What to do: Whenever a line in the records below contains "Autodesk", pick it out.

════════════════

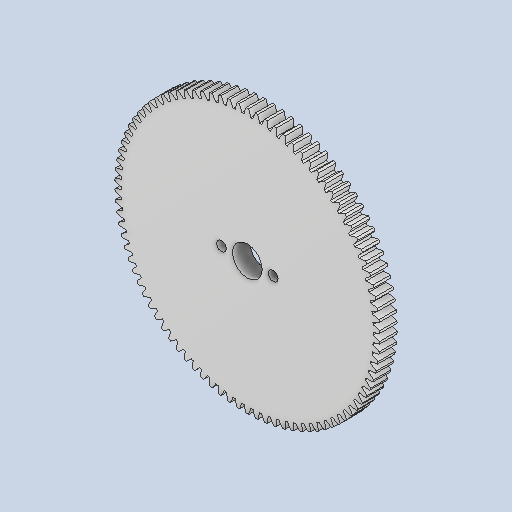
# Autodesk Inventor part: 平歯車1
Saved by Autodesk Inventor 2025.2 (Build 292293000, 293)
## iProperties
CustomPartVersion: 1
Created: 2024-12-08
Part Number: 平歯車1
Material: ABS プラスチック
Document SubType Name: Modeling
Designer: haruy
Categories: <?xml version="1.0" encoding="UTF-16"?> <MemberInstance><Categories><FamilyTemplate><FamilyTemplateParameter ValueType="xs:double" Id="1" ObjectReferenceKey="da_z" ObjectType="kUserParameterObject"/><FamilyTemplateParameter ValueType="xs:double" Id="2" ObjectReferenceKey="da_b" ObjectType="kUserParameterObject"/><FamilyTemplateParameter ValueType="xs:double" Id="3" ObjectReferenceKey="da_beta" ObjectType="kUserParameterObject"/><FamilyTemplateParameter ValueType="xs:double" Id="4" ObjectReferenceKey="da_da" ObjectType="kUserParameterObject"/><FamilyTemplateParameter ValueType="xs:double" Id="5" ObjectReferenceKey="da_aw" ObjectType="kUserParameterObject"/><FamilyTemplateParameter ValueType="xs:string" Id="6" ObjectReferenceKey="EAIAABAAAACIAQAAAAAAAIAAAAAAAAAA" ObjectType="83910656" SubObjectId="SurfaceGeometry"/></FamilyTemplate><ParamToTemplateMap><ParamToTemplate CategoryParameter="//CategoryParameter[@InternalName='046C89C9-8512-4d59-83FE-43B91F4F132A']" TemplateParameter="1"/><ParamToTemplate CategoryParameter="//CategoryParameter[@InternalName='2552DF32-E462-4b46-AEBF-C6C7768E72AC']" TemplateParameter="2"/><ParamToTemplate CategoryParameter="//CategoryParameter[@InternalName='C9EE641D-15FC-4fae-A226-E94C4372FDD7']" TemplateParameter="3"/><ParamToTemplate><ParamToTemplate CategoryParameter="//CategoryParameter[@InternalName='00B6519A-459B-49c7-AD84-2E56D39A5744']" ConstantValue="0.000000"/></ParamToTemplate><ParamToTemplate><ParamToTemplate CategoryParameter="//CategoryParameter[@InternalName='04B31F0E-C7A6-4894-AA32-9629BEFACF47']" ConstantValue="1.000000"/></ParamToTemplate><ParamToTemplate><ParamToTemplate CategoryParameter="//CategoryParameter[@InternalName='43CBEC2E-7847-49e7-A936-2F7889FCB2D9']" ConstantValue="0.250000"/></ParamToTemplate><ParamToTemplate><ParamToTemplate CategoryParameter="//CategoryParameter[@InternalName='B1EFC894-105D-4ebd-86BF-FA20ED196853']" ConstantValue="0.350000"/></ParamToTemplate><ParamToTemplate><ParamToTemplate CategoryParameter="//CategoryParameter[@InternalName='51175063-3D10-4879-93E8-6246FE8B403D']" ConstantValue="2060000000.000000"/></ParamToTemplate><ParamToTemplate><ParamToTemplate CategoryParameter="//CategoryParameter[@InternalName='A3A52E27-4454-46a9-B0BD-C932399B70AF']" ConstantValue="0.300000"/></ParamToTemplate><ParamToTemplate><ParamToTemplate CategoryParameter="//CategoryParameter[@InternalName='91B76062-C214-41d9-B1B9-14D2AB99603D']" ConstantValue="0.100000"/></ParamToTemplate><ParamToTemplate><ParamToTemplate CategoryParameter="//CategoryParameter[@InternalName='374E806E-8B8A-4dda-A9AA-1039D6500AD2']" ConstantValue="10.000000"/></ParamToTemplate><ParamToTemplate><ParamToTemplate CategoryParameter="//CategoryParameter[@InternalName='2D373A89-B862-43d6-8D0B-0CBF12AB9F6C']" ConstantValue="0.349066"/></ParamToTemplate><ParamToTemplate CategoryParameter="//CategoryParameter[@InternalName='37777632-D6A2-4fac-9D53-DB8ACD95C989']" TemplateParameter="4"/><ParamToTemplate CategoryParameter="//CategoryParameter[@InternalName='FD1017F1-B727-4f7e-9707-0F86F1FF9423']" TemplateParameter="5"/><ParamToTemplate><ParamToTemplate CategoryParameter="//CategoryParameter[@InternalName='9E1B4470-B2D3-4ff1-B813-535BB4CDF51A']" ConstantValue="3520000.000000"/></ParamToTemplate><ParamToTemplate><ParamToTemplate CategoryParameter="//CategoryParameter[@InternalName='F8452263-BFF6-458c-9FB1-07C4B99E95CD']" ConstantValue="11400000.000000"/></ParamToTemplate><ParamToTemplate><ParamToTemplate CategoryParameter="//CategoryParameter[@InternalName='3E3BB259-FD49-497f-8171-6EBC954A3479']" ConstantValue="2.000000"/></ParamToTemplate><ParamToTemplate CategoryParameter="//CategoryParameter[@InternalName='27C3BAF2-7550-4e4b-AE2C-0DB134B7D9B7']" TemplateParameter="6"/></ParamToTemplateMap><Category DisplayName="Gear" InternalName="DC85795E-93AB-48d5-8EEE-5A27447B64BD" Mnemonic="Gear"><CategoryParameter DisplayName="z" InternalName="046C89C9-8512-4d59-83FE-43B91F4F132A" Mnemonic="z"/><CategoryParameter DisplayName="b" InternalName="2552DF32-E462-4b46-AEBF-C6C7768E72AC" Mnemonic="b"/><CategoryParameter DisplayName="||b|" InternalName="C9EE641D-15FC-4fae-A226-E94C4372FDD7" Mnemonic="beta"/><CategoryParameter DisplayName="x" InternalName="00B6519A-459B-49c7-AD84-2E56D39A5744" Mnemonic="x"/><CategoryParameter DisplayName="a*" InternalName="04B31F0E-C7A6-4894-AA32-9629BEFACF47" Mnemonic="a"/><CategoryParameter DisplayName="c*" InternalName="43CBEC2E-7847-49e7-A936-2F7889FCB2D9" Mnemonic="c"/><CategoryParameter DisplayName="r|.f|*" InternalName="B1EFC894-105D-4ebd-86BF-FA20ED196853" Mnemonic="rf"/><CategoryParameter DisplayName="E" InternalName="51175063-3D10-4879-93E8-6246FE8B403D" Mnemonic="E"/><CategoryParameter DisplayName="||m|" InternalName="A3A52E27-4454-46a9-B0BD-C932399B70AF" Mnemonic="mi"/><Category DisplayName="SpurGear" InternalName="26C5A22E-A91E-4dfd-A3B3-23CCAFAE1764" Mnemonic="SpurGear"><CategoryParameter DisplayName="m" InternalName="91B76062-C214-41d9-B1B9-14D2AB99603D" Mnemonic="m"/><CategoryParameter DisplayName="P" InternalName="374E806E-8B8A-4dda-A9AA-1039D6500AD2" Mnemonic="PP"/><CategoryParameter DisplayName="||a|" InternalName="2D373A89-B862-43d6-8D0B-0CBF12AB9F6C" Mnemonic="alpha"/><CategoryParameter DisplayName="d|.a|" InternalName="37777632-D6A2-4fac-9D53-DB8ACD95C989" Mnemonic="da"/><CategoryParameter DisplayName="a|.w|" InternalName="FD1017F1-B727-4f7e-9707-0F86F1FF9423" Mnemonic="aw"/><CategoryParameter DisplayName="||s||.Flim|" InternalName="9E1B4470-B2D3-4ff1-B813-535BB4CDF51A" Mnemonic="sFlim"/><CategoryParameter DisplayName="||s||.Hlim|" InternalName="F8452263-BFF6-458c-9FB1-07C4B99E95CD" Mnemonic="sHlim"/><CategoryParameter DisplayName="タイプ" InternalName="3E3BB259-FD49-497f-8171-6EBC954A3479" Mnemonic="type"/><CategoryParameter DisplayName="PitchDiameter" InternalName="27C3BAF2-7550-4e4b-AE2C-0DB134B7D9B7" Mnemonic="IDS_PITCHDIAM"/></Category></Category></Categories></MemberInstance>
Density: 1.06 g/cm^3
Appearance: 滑らか - 白
d16: 60.000 mm
d17: 0.000 mm
d41: 0.000 mm
d43: 60.000 mm
d46: 60.000 mm
d47: 0.000 mm
d48: 0.000 mm
Author: haruy
Autodesk Inventor part; units mm, degrees
sketch "Sketch1" plane through (0, 0, 0) normal (0, 0, 1) x (1, 0, 0)
  circle A0 centre (0, 0) radius 46
  dimension "d0" = 92
  constraints: 1 centre point
  measures "d0" diameter of A0
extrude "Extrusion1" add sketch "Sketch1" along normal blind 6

════════════════

Written answer:
# Autodesk Inventor part: 平歯車1
Saved by Autodesk Inventor 2025.2 (Build 292293000, 293)
Autodesk Inventor part; units mm, degrees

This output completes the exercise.